▸ YOUR GOAL
Your answer must consist solely of the lines from the start of the entries below through the line with "- added J?: USB_A, symbol USB_A", unchanged.

[Data records]
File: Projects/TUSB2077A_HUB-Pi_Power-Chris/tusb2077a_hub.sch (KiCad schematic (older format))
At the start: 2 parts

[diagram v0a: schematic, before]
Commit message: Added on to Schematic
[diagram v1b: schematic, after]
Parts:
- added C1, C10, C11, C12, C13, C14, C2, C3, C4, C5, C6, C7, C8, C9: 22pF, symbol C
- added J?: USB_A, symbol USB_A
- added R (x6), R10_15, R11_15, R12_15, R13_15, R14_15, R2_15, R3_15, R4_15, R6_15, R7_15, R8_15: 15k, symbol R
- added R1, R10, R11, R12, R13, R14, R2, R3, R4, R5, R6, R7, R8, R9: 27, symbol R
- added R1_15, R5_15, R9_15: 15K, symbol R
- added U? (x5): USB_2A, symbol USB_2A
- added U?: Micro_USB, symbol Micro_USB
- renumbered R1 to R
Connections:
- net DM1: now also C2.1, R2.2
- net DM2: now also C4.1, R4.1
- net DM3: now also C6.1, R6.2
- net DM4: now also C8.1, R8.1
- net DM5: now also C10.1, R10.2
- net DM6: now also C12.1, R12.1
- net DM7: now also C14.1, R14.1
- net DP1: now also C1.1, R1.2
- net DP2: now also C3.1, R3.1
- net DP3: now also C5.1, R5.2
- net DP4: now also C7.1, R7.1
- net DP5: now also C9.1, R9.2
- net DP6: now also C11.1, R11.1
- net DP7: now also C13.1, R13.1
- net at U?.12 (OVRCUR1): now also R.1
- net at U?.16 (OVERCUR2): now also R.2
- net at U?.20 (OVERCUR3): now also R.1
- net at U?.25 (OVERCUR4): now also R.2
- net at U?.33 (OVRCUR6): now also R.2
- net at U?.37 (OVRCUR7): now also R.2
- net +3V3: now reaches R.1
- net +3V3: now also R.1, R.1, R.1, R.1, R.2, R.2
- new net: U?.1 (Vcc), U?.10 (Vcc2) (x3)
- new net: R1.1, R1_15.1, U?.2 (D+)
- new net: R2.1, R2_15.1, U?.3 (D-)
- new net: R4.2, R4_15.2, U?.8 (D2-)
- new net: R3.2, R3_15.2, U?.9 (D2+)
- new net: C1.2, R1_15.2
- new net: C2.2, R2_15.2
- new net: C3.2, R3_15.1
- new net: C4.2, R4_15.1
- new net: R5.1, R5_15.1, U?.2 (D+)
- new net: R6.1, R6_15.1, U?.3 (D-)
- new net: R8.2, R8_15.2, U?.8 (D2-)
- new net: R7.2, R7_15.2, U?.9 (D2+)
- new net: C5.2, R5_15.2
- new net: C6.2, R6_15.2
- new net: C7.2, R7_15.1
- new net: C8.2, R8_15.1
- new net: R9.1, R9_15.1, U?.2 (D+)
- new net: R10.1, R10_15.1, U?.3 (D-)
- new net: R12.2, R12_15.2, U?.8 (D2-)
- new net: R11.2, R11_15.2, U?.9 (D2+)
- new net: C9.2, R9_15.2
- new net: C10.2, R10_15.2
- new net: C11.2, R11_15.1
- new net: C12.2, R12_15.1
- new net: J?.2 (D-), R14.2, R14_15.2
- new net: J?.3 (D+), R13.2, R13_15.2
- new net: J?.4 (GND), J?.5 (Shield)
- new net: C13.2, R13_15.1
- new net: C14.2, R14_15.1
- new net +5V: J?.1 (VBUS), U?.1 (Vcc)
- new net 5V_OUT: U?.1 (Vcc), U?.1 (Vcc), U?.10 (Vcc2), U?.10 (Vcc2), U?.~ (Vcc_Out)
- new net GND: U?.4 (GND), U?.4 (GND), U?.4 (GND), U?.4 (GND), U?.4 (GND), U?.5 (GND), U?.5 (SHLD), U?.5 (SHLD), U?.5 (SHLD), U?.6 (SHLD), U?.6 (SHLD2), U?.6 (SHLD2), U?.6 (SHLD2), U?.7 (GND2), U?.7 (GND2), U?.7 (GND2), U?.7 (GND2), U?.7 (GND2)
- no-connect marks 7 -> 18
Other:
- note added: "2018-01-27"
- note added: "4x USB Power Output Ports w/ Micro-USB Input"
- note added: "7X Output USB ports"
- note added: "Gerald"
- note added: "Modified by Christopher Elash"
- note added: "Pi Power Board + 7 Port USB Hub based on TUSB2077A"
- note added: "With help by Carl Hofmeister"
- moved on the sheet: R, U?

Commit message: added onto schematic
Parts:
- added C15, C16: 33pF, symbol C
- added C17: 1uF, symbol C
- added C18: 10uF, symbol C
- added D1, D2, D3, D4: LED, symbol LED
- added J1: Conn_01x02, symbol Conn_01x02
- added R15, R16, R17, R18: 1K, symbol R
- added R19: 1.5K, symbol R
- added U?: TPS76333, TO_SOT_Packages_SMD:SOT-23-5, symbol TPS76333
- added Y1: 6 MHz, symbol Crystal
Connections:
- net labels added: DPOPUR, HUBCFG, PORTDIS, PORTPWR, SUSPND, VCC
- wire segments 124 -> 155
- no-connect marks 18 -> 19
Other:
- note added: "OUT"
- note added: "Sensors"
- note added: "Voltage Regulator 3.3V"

▸ RESULT OF THE EXERCISE
File: Projects/TUSB2077A_HUB-Pi_Power-Chris/tusb2077a_hub.sch (KiCad schematic (older format))
At the start: 2 parts

[diagram v0a: schematic, before]
Commit message: Added on to Schematic
[diagram v1b: schematic, after]
Parts:
- added C1, C10, C11, C12, C13, C14, C2, C3, C4, C5, C6, C7, C8, C9: 22pF, symbol C
- added J?: USB_A, symbol USB_A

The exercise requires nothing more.